• [Problem details]:
The answer must consist of every line from the entries below that contains the word "radius".

• [Record excerpts]:
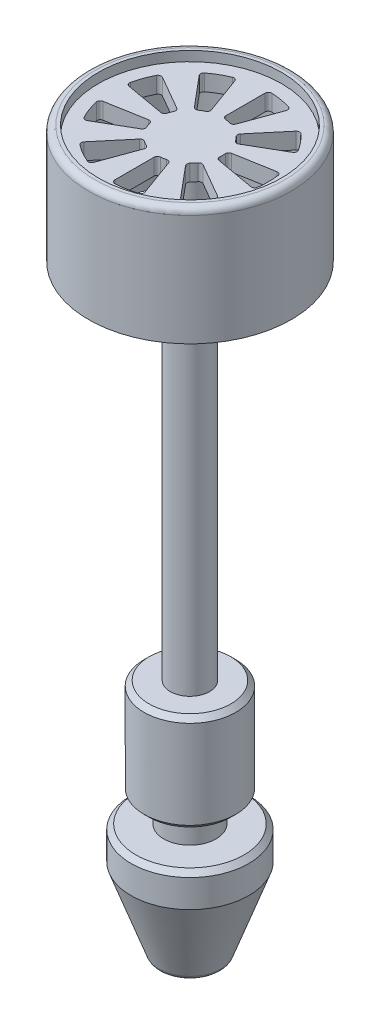
from build123d import *

# Parameters (mm, degrees)
REDONDEO1_R                       = 2
CHAFL_N1_SIZE                     = 1.5
REDONDEO2_R                       = 2
CORTAR_EXTRUIR1_REACH             = 218.983
CORTAR_EXTRUIR1_DIRECTION_2_DEPTH = 4


with BuildPart() as part:
    # Croquis1 → Revolución1 (revolve)
    with BuildSketch(Plane.XY):
        Polygon((97.681062899, 120), (97.681062899, 0), (97.681062899, -3.982649478), (89.681062899, -3.982649478), (89.681062899, -33.982649478), (95.681062899, -33.982649478), (95.681062899, -41.982649478), (85.681062899, -41.982649478), (85.681062899, -51.982649478), (94.681062899, -76.982649478), (97.681062899, -76.982649478), (97.681062899, -60.982649478), (103.681062899, -60.982649478), (103.681062899, 140), (75.681062899, 140), (75.681062899, 143), (72.681062899, 143), (72.681062899, 107), (75.681062899, 107), (75.681062899, 135), (97.681062899, 135), align=None)
    revolve(axis=Axis((103.681062899, -60.982649478, 0), (0, 1, 0)))

    # Redondeo1
    redondeo1_edges = [part.edges().sort_by_distance(p)[0] for p in [
        (134.681062899, 143, 0),
    ]]
    fillet(redondeo1_edges, radius=REDONDEO1_R)

    # Chaflán1
    chafl_n1_edges = [part.edges().sort_by_distance(p)[0] for p in [
        (121.681062899, -41.982649478, 0),
        (117.681062899, -33.982649478, 0),
        (117.681062899, -3.982649478, 0),
    ]]
    chamfer(chafl_n1_edges, length=CHAFL_N1_SIZE)

    # Redondeo2
    redondeo2_edges = [part.edges().sort_by_distance(p)[0] for p in [
        (112.681062899, -76.982649478, 0),
    ]]
    fillet(redondeo2_edges, radius=REDONDEO2_R)

    # Croquis2 → Cortar-Extruir1 (cut, up to next)
    with BuildSketch(Plane(origin=(0, 140, 0), x_dir=(1, 0, 0), z_dir=(0, 1, 0)), mode=Mode.PRIVATE) as cortar_extruir1_sk1:
        with BuildLine():
            Line((103.681062899, 10.95445115), (103.681062899, 22.978250586))
            ThreePointArc((103.681062899, 22.978250586), (103.989498824, 23.700565705), (104.72454116, 23.977304959))
            ThreePointArc((104.72454116, 23.977304959), (107.848619163, 23.635386072), (110.901235356, 22.888187121))
            ThreePointArc((110.901235356, 22.888187121), (111.497298816, 22.376738), (111.540087458, 21.592492514))
            Line((111.540087458, 21.592492514), (107.427705852, 10.293816911))
            ThreePointArc((107.427705852, 10.293816911), (106.951432292, 9.749697802), (106.232835928, 9.668942776))
            ThreePointArc((106.232835928, 9.668942776), (105.417544676, 9.84807753), (104.590153808, 9.958591955))
            ThreePointArc((104.590153808, 9.958591955), (103.942513953, 10.280251288), (103.681062899, 10.95445115))
        make_face()
    cortar_extruir1_tool1 = extrude(cortar_extruir1_sk1.sketch, amount=-CORTAR_EXTRUIR1_REACH, mode=Mode.PRIVATE) & part.part
    add(cortar_extruir1_tool1.solids().sort_by_distance((106.784802, 140, -17.602181))[0], mode=Mode.SUBTRACT)
    # Croquis2 → Cortar-Extruir1 (cut, up to next)
    with BuildSketch(Plane(origin=(0, 140, 0), x_dir=(1, 0, 0), z_dir=(0, 1, 0)), mode=Mode.PRIVATE) as cortar_extruir1_sk2:
        with BuildLine():
            Line((110.722448369, 8.391596431), (118.451197668, 17.602361174))
            ThreePointArc((118.451197668, 17.602361174), (119.151768503, 17.957427866), (119.892728164, 17.696946328))
            ThreePointArc((119.892728164, 17.696946328), (122.066129534, 15.426902632), (123.924278978, 12.892331162))
            ThreePointArc((123.924278978, 12.892331162), (124.052136921, 12.117396199), (123.580811641, 11.489125293))
            Line((123.580811641, 11.489125293), (113.16789588, 5.477225575))
            ThreePointArc((113.16789588, 5.477225575), (112.453296145, 5.366548899), (111.850911063, 5.766591799))
            ThreePointArc((111.850911063, 5.766591799), (111.34150733, 6.427876097), (110.778726457, 7.044371656))
            ThreePointArc((110.778726457, 7.044371656), (110.489364179, 7.707071875), (110.722448369, 8.391596431))
        make_face()
    cortar_extruir1_tool2 = extrude(cortar_extruir1_sk2.sketch, amount=-CORTAR_EXTRUIR1_REACH, mode=Mode.PRIVATE) & part.part
    add(cortar_extruir1_tool2.solids().sort_by_distance((117.373129, 140, -11.489008))[0], mode=Mode.SUBTRACT)
    # Croquis2 → Cortar-Extruir1 (cut, up to next)
    with BuildSketch(Plane(origin=(0, 140, 0), x_dir=(1, 0, 0), z_dir=(0, 1, 0)), mode=Mode.PRIVATE) as cortar_extruir1_sk3:
        with BuildLine():
            Line((114.469091322, 1.90222048), (126.310222227, 3.99013134))
            ThreePointArc((126.310222227, 3.99013134), (127.075123092, 3.811809954), (127.475296818, 3.13598983))
            ThreePointArc((127.475296818, 3.13598983), (127.681062899, 0), (127.475296818, -3.13598983))
            ThreePointArc((127.475296818, -3.13598983), (127.075123092, -3.811809954), (126.310222227, -3.99013134))
            Line((126.310222227, -3.99013134), (114.469091322, -1.90222048))
            ThreePointArc((114.469091322, -1.90222048), (113.850534569, -1.527667877), (113.646223445, -0.83401157))
            ThreePointArc((113.646223445, -0.83401157), (113.681062899, 0), (113.646223445, 0.83401157))
            ThreePointArc((113.646223445, 0.83401157), (113.850534569, 1.527667877), (114.469091322, 1.90222048))
        make_face()
    cortar_extruir1_tool3 = extrude(cortar_extruir1_sk3.sketch, amount=-CORTAR_EXTRUIR1_REACH, mode=Mode.PRIVATE) & part.part
    add(cortar_extruir1_tool3.solids().sort_by_distance((121.554786, 140, 0))[0], mode=Mode.SUBTRACT)
    # Croquis2 → Cortar-Extruir1 (cut, up to next)
    with BuildSketch(Plane(origin=(0, 140, 0), x_dir=(1, 0, 0), z_dir=(0, 1, 0)), mode=Mode.PRIVATE) as cortar_extruir1_sk4:
        with BuildLine():
            Line((113.16789588, -5.477225575), (123.580811641, -11.489125293))
            ThreePointArc((123.580811641, -11.489125293), (124.052136921, -12.117396199), (123.924278978, -12.892331162))
            ThreePointArc((123.924278978, -12.892331162), (122.066129534, -15.426902632), (119.892728164, -17.696946328))
            ThreePointArc((119.892728164, -17.696946328), (119.151768503, -17.957427866), (118.451197668, -17.602361174))
            Line((118.451197668, -17.602361174), (110.722448369, -8.391596431))
            ThreePointArc((110.722448369, -8.391596431), (110.489364179, -7.707071875), (110.778726457, -7.044371656))
            ThreePointArc((110.778726457, -7.044371656), (111.34150733, -6.427876097), (111.850911063, -5.766591799))
            ThreePointArc((111.850911063, -5.766591799), (112.453296145, -5.366548899), (113.16789588, -5.477225575))
        make_face()
    cortar_extruir1_tool4 = extrude(cortar_extruir1_sk4.sketch, amount=-CORTAR_EXTRUIR1_REACH, mode=Mode.PRIVATE) & part.part
    add(cortar_extruir1_tool4.solids().sort_by_distance((117.373129, 140, 11.489008))[0], mode=Mode.SUBTRACT)
    # Croquis2 → Cortar-Extruir1 (cut, up to next)
    with BuildSketch(Plane(origin=(0, 140, 0), x_dir=(1, 0, 0), z_dir=(0, 1, 0)), mode=Mode.PRIVATE) as cortar_extruir1_sk5:
        with BuildLine():
            Line((103.681062899, -10.95445115), (103.681062899, -22.978250586))
            ThreePointArc((103.681062899, -22.978250586), (103.989498824, -23.700565705), (104.72454116, -23.977304959))
            ThreePointArc((104.72454116, -23.977304959), (107.848619163, -23.635386072), (110.901235356, -22.888187121))
            ThreePointArc((110.901235356, -22.888187121), (111.497298816, -22.376738), (111.540087458, -21.592492514))
            Line((111.540087458, -21.592492514), (107.427705852, -10.293816911))
            ThreePointArc((107.427705852, -10.293816911), (106.951432292, -9.749697802), (106.232835928, -9.668942776))
            ThreePointArc((106.232835928, -9.668942776), (105.417544676, -9.84807753), (104.590153808, -9.958591955))
            ThreePointArc((104.590153808, -9.958591955), (103.942513953, -10.280251288), (103.681062899, -10.95445115))
        make_face()
    cortar_extruir1_tool5 = extrude(cortar_extruir1_sk5.sketch, amount=-CORTAR_EXTRUIR1_REACH, mode=Mode.PRIVATE) & part.part
    add(cortar_extruir1_tool5.solids().sort_by_distance((106.784802, 140, 17.602181))[0], mode=Mode.SUBTRACT)
    # Croquis2 → Cortar-Extruir1 (cut, up to next)
    with BuildSketch(Plane(origin=(0, 140, 0), x_dir=(1, 0, 0), z_dir=(0, 1, 0)), mode=Mode.PRIVATE) as cortar_extruir1_sk6:
        with BuildLine():
            Line((99.934419947, -10.293816911), (95.82203834, -21.592492514))
            ThreePointArc((95.82203834, -21.592492514), (95.285157057, -22.165755402), (94.499792799, -22.174405952))
            ThreePointArc((94.499792799, -22.174405952), (91.681062899, -20.784609691), (89.068099081, -19.038416122))
            ThreePointArc((89.068099081, -19.038416122), (88.682908548, -18.353945448), (88.91092813, -17.602361174))
            Line((88.91092813, -17.602361174), (96.639677429, -8.391596431))
            ThreePointArc((96.639677429, -8.391596431), (97.273327874, -8.043186871), (97.97620742, -8.213076401))
            ThreePointArc((97.97620742, -8.213076401), (98.681062899, -8.660254038), (99.420757833, -9.04708797))
            ThreePointArc((99.420757833, -9.04708797), (99.919326254, -9.570854748), (99.934419947, -10.293816911))
        make_face()
    cortar_extruir1_tool6 = extrude(cortar_extruir1_sk6.sketch, amount=-CORTAR_EXTRUIR1_REACH, mode=Mode.PRIVATE) & part.part
    add(cortar_extruir1_tool6.solids().sort_by_distance((94.744201, 140, 15.479098))[0], mode=Mode.SUBTRACT)
    # Croquis2 → Cortar-Extruir1 (cut, up to next)
    with BuildSketch(Plane(origin=(0, 140, 0), x_dir=(1, 0, 0), z_dir=(0, 1, 0)), mode=Mode.PRIVATE) as cortar_extruir1_sk7:
        with BuildLine():
            Line((94.194229919, -5.477225575), (83.781314157, -11.489125293))
            ThreePointArc((83.781314157, -11.489125293), (83.001552952, -11.583169506), (82.39436856, -11.084973798))
            ThreePointArc((82.39436856, -11.084973798), (81.12844, -8.20848344), (80.249225177, -5.191240793))
            ThreePointArc((80.249225177, -5.191240793), (80.394121379, -4.419310135), (81.051903571, -3.99013134))
            Line((81.051903571, -3.99013134), (92.893034477, -1.90222048))
            ThreePointArc((92.893034477, -1.90222048), (93.602392227, -2.042625927), (94.031626313, -2.624571121))
            ThreePointArc((94.031626313, -2.624571121), (94.284136691, -3.420201433), (94.602123826, -4.192000156))
            ThreePointArc((94.602123826, -4.192000156), (94.6473786, -4.913702389), (94.194229919, -5.477225575))
        make_face()
    cortar_extruir1_tool7 = extrude(cortar_extruir1_sk7.sketch, amount=-CORTAR_EXTRUIR1_REACH, mode=Mode.PRIVATE) & part.part
    add(cortar_extruir1_tool7.solids().sort_by_distance((86.885257, 140, 6.113173))[0], mode=Mode.SUBTRACT)
    # Croquis2 → Cortar-Extruir1 (cut, up to next)
    with BuildSketch(Plane(origin=(0, 140, 0), x_dir=(1, 0, 0), z_dir=(0, 1, 0)), mode=Mode.PRIVATE) as cortar_extruir1_sk8:
        with BuildLine():
            Line((92.893034477, 1.90222048), (81.051903571, 3.99013134))
            ThreePointArc((81.051903571, 3.99013134), (80.394121379, 4.419310135), (80.249225177, 5.191240793))
            ThreePointArc((80.249225177, 5.191240793), (81.12844, 8.20848344), (82.39436856, 11.084973798))
            ThreePointArc((82.39436856, 11.084973798), (83.001552952, 11.583169506), (83.781314157, 11.489125293))
            Line((83.781314157, 11.489125293), (94.194229919, 5.477225575))
            ThreePointArc((94.194229919, 5.477225575), (94.6473786, 4.913702389), (94.602123826, 4.192000156))
            ThreePointArc((94.602123826, 4.192000156), (94.284136691, 3.420201433), (94.031626313, 2.624571121))
            ThreePointArc((94.031626313, 2.624571121), (93.602392227, 2.042625927), (92.893034477, 1.90222048))
        make_face()
    cortar_extruir1_tool8 = extrude(cortar_extruir1_sk8.sketch, amount=-CORTAR_EXTRUIR1_REACH, mode=Mode.PRIVATE) & part.part
    add(cortar_extruir1_tool8.solids().sort_by_distance((86.885257, 140, -6.113173))[0], mode=Mode.SUBTRACT)
    # Croquis2 → Cortar-Extruir1 (cut, up to next)
    with BuildSketch(Plane(origin=(0, 140, 0), x_dir=(1, 0, 0), z_dir=(0, 1, 0)), mode=Mode.PRIVATE) as cortar_extruir1_sk9:
        with BuildLine():
            Line((96.639677429, 8.391596431), (88.91092813, 17.602361174))
            ThreePointArc((88.91092813, 17.602361174), (88.682908548, 18.353945448), (89.068099081, 19.038416122))
            ThreePointArc((89.068099081, 19.038416122), (91.681062899, 20.784609691), (94.499792799, 22.174405952))
            ThreePointArc((94.499792799, 22.174405952), (95.285157057, 22.165755402), (95.82203834, 21.592492514))
            Line((95.82203834, 21.592492514), (99.934419947, 10.293816911))
            ThreePointArc((99.934419947, 10.293816911), (99.919326254, 9.570854748), (99.420757833, 9.04708797))
            ThreePointArc((99.420757833, 9.04708797), (98.681062899, 8.660254038), (97.97620742, 8.213076401))
            ThreePointArc((97.97620742, 8.213076401), (97.273327874, 8.043186871), (96.639677429, 8.391596431))
        make_face()
    cortar_extruir1_tool9 = extrude(cortar_extruir1_sk9.sketch, amount=-CORTAR_EXTRUIR1_REACH, mode=Mode.PRIVATE) & part.part
    add(cortar_extruir1_tool9.solids().sort_by_distance((94.744201, 140, -15.479098))[0], mode=Mode.SUBTRACT)

    # Croquis2 → Cortar-Extruir1 direction 2 (cut)
    with BuildSketch(Plane(origin=(0, 140, 0), x_dir=(1, 0, 0), z_dir=(0, 1, 0))):
        with BuildLine():
            Line((103.681062899, 10.95445115), (103.681062899, 22.978250586))
            ThreePointArc((103.681062899, 22.978250586), (103.989498824, 23.700565705), (104.72454116, 23.977304959))
            ThreePointArc((104.72454116, 23.977304959), (107.848619163, 23.635386072), (110.901235356, 22.888187121))
            ThreePointArc((110.901235356, 22.888187121), (111.497298816, 22.376738), (111.540087458, 21.592492514))
            Line((111.540087458, 21.592492514), (107.427705852, 10.293816911))
            ThreePointArc((107.427705852, 10.293816911), (106.951432292, 9.749697802), (106.232835928, 9.668942776))
            ThreePointArc((106.232835928, 9.668942776), (105.417544676, 9.84807753), (104.590153808, 9.958591955))
            ThreePointArc((104.590153808, 9.958591955), (103.942513953, 10.280251288), (103.681062899, 10.95445115))
        make_face()
        with BuildLine():
            Line((110.722448369, 8.391596431), (118.451197668, 17.602361174))
            ThreePointArc((118.451197668, 17.602361174), (119.151768503, 17.957427866), (119.892728164, 17.696946328))
            ThreePointArc((119.892728164, 17.696946328), (122.066129534, 15.426902632), (123.924278978, 12.892331162))
            ThreePointArc((123.924278978, 12.892331162), (124.052136921, 12.117396199), (123.580811641, 11.489125293))
            Line((123.580811641, 11.489125293), (113.16789588, 5.477225575))
            ThreePointArc((113.16789588, 5.477225575), (112.453296145, 5.366548899), (111.850911063, 5.766591799))
            ThreePointArc((111.850911063, 5.766591799), (111.34150733, 6.427876097), (110.778726457, 7.044371656))
            ThreePointArc((110.778726457, 7.044371656), (110.489364179, 7.707071875), (110.722448369, 8.391596431))
        make_face()
        with BuildLine():
            Line((114.469091322, 1.90222048), (126.310222227, 3.99013134))
            ThreePointArc((126.310222227, 3.99013134), (127.075123092, 3.811809954), (127.475296818, 3.13598983))
            ThreePointArc((127.475296818, 3.13598983), (127.681062899, 0), (127.475296818, -3.13598983))
            ThreePointArc((127.475296818, -3.13598983), (127.075123092, -3.811809954), (126.310222227, -3.99013134))
            Line((126.310222227, -3.99013134), (114.469091322, -1.90222048))
            ThreePointArc((114.469091322, -1.90222048), (113.850534569, -1.527667877), (113.646223445, -0.83401157))
            ThreePointArc((113.646223445, -0.83401157), (113.681062899, 0), (113.646223445, 0.83401157))
            ThreePointArc((113.646223445, 0.83401157), (113.850534569, 1.527667877), (114.469091322, 1.90222048))
        make_face()
        with BuildLine():
            Line((113.16789588, -5.477225575), (123.580811641, -11.489125293))
            ThreePointArc((123.580811641, -11.489125293), (124.052136921, -12.117396199), (123.924278978, -12.892331162))
            ThreePointArc((123.924278978, -12.892331162), (122.066129534, -15.426902632), (119.892728164, -17.696946328))
            ThreePointArc((119.892728164, -17.696946328), (119.151768503, -17.957427866), (118.451197668, -17.602361174))
            Line((118.451197668, -17.602361174), (110.722448369, -8.391596431))
            ThreePointArc((110.722448369, -8.391596431), (110.489364179, -7.707071875), (110.778726457, -7.044371656))
            ThreePointArc((110.778726457, -7.044371656), (111.34150733, -6.427876097), (111.850911063, -5.766591799))
            ThreePointArc((111.850911063, -5.766591799), (112.453296145, -5.366548899), (113.16789588, -5.477225575))
        make_face()
        with BuildLine():
            Line((103.681062899, -10.95445115), (103.681062899, -22.978250586))
            ThreePointArc((103.681062899, -22.978250586), (103.989498824, -23.700565705), (104.72454116, -23.977304959))
            ThreePointArc((104.72454116, -23.977304959), (107.848619163, -23.635386072), (110.901235356, -22.888187121))
            ThreePointArc((110.901235356, -22.888187121), (111.497298816, -22.376738), (111.540087458, -21.592492514))
            Line((111.540087458, -21.592492514), (107.427705852, -10.293816911))
            ThreePointArc((107.427705852, -10.293816911), (106.951432292, -9.749697802), (106.232835928, -9.668942776))
            ThreePointArc((106.232835928, -9.668942776), (105.417544676, -9.84807753), (104.590153808, -9.958591955))
            ThreePointArc((104.590153808, -9.958591955), (103.942513953, -10.280251288), (103.681062899, -10.95445115))
        make_face()
        with BuildLine():
            Line((99.934419947, -10.293816911), (95.82203834, -21.592492514))
            ThreePointArc((95.82203834, -21.592492514), (95.285157057, -22.165755402), (94.499792799, -22.174405952))
            ThreePointArc((94.499792799, -22.174405952), (91.681062899, -20.784609691), (89.068099081, -19.038416122))
            ThreePointArc((89.068099081, -19.038416122), (88.682908548, -18.353945448), (88.91092813, -17.602361174))
            Line((88.91092813, -17.602361174), (96.639677429, -8.391596431))
            ThreePointArc((96.639677429, -8.391596431), (97.273327874, -8.043186871), (97.97620742, -8.213076401))
            ThreePointArc((97.97620742, -8.213076401), (98.681062899, -8.660254038), (99.420757833, -9.04708797))
            ThreePointArc((99.420757833, -9.04708797), (99.919326254, -9.570854748), (99.934419947, -10.293816911))
        make_face()
        with BuildLine():
            Line((94.194229919, -5.477225575), (83.781314157, -11.489125293))
            ThreePointArc((83.781314157, -11.489125293), (83.001552952, -11.583169506), (82.39436856, -11.084973798))
            ThreePointArc((82.39436856, -11.084973798), (81.12844, -8.20848344), (80.249225177, -5.191240793))
            ThreePointArc((80.249225177, -5.191240793), (80.394121379, -4.419310135), (81.051903571, -3.99013134))
            Line((81.051903571, -3.99013134), (92.893034477, -1.90222048))
            ThreePointArc((92.893034477, -1.90222048), (93.602392227, -2.042625927), (94.031626313, -2.624571121))
            ThreePointArc((94.031626313, -2.624571121), (94.284136691, -3.420201433), (94.602123826, -4.192000156))
            ThreePointArc((94.602123826, -4.192000156), (94.6473786, -4.913702389), (94.194229919, -5.477225575))
        make_face()
        with BuildLine():
            Line((92.893034477, 1.90222048), (81.051903571, 3.99013134))
            ThreePointArc((81.051903571, 3.99013134), (80.394121379, 4.419310135), (80.249225177, 5.191240793))
            ThreePointArc((80.249225177, 5.191240793), (81.12844, 8.20848344), (82.39436856, 11.084973798))
            ThreePointArc((82.39436856, 11.084973798), (83.001552952, 11.583169506), (83.781314157, 11.489125293))
            Line((83.781314157, 11.489125293), (94.194229919, 5.477225575))
            ThreePointArc((94.194229919, 5.477225575), (94.6473786, 4.913702389), (94.602123826, 4.192000156))
            ThreePointArc((94.602123826, 4.192000156), (94.284136691, 3.420201433), (94.031626313, 2.624571121))
            ThreePointArc((94.031626313, 2.624571121), (93.602392227, 2.042625927), (92.893034477, 1.90222048))
        make_face()
        with BuildLine():
            Line((96.639677429, 8.391596431), (88.91092813, 17.602361174))
            ThreePointArc((88.91092813, 17.602361174), (88.682908548, 18.353945448), (89.068099081, 19.038416122))
            ThreePointArc((89.068099081, 19.038416122), (91.681062899, 20.784609691), (94.499792799, 22.174405952))
            ThreePointArc((94.499792799, 22.174405952), (95.285157057, 22.165755402), (95.82203834, 21.592492514))
            Line((95.82203834, 21.592492514), (99.934419947, 10.293816911))
            ThreePointArc((99.934419947, 10.293816911), (99.919326254, 9.570854748), (99.420757833, 9.04708797))
            ThreePointArc((99.420757833, 9.04708797), (98.681062899, 8.660254038), (97.97620742, 8.213076401))
            ThreePointArc((97.97620742, 8.213076401), (97.273327874, 8.043186871), (96.639677429, 8.391596431))
        make_face()
    extrude(amount=CORTAR_EXTRUIR1_DIRECTION_2_DEPTH, mode=Mode.SUBTRACT)


solid = part.part

• [Written answer]:
    fillet(redondeo1_edges, radius=REDONDEO1_R)
    fillet(redondeo2_edges, radius=REDONDEO2_R)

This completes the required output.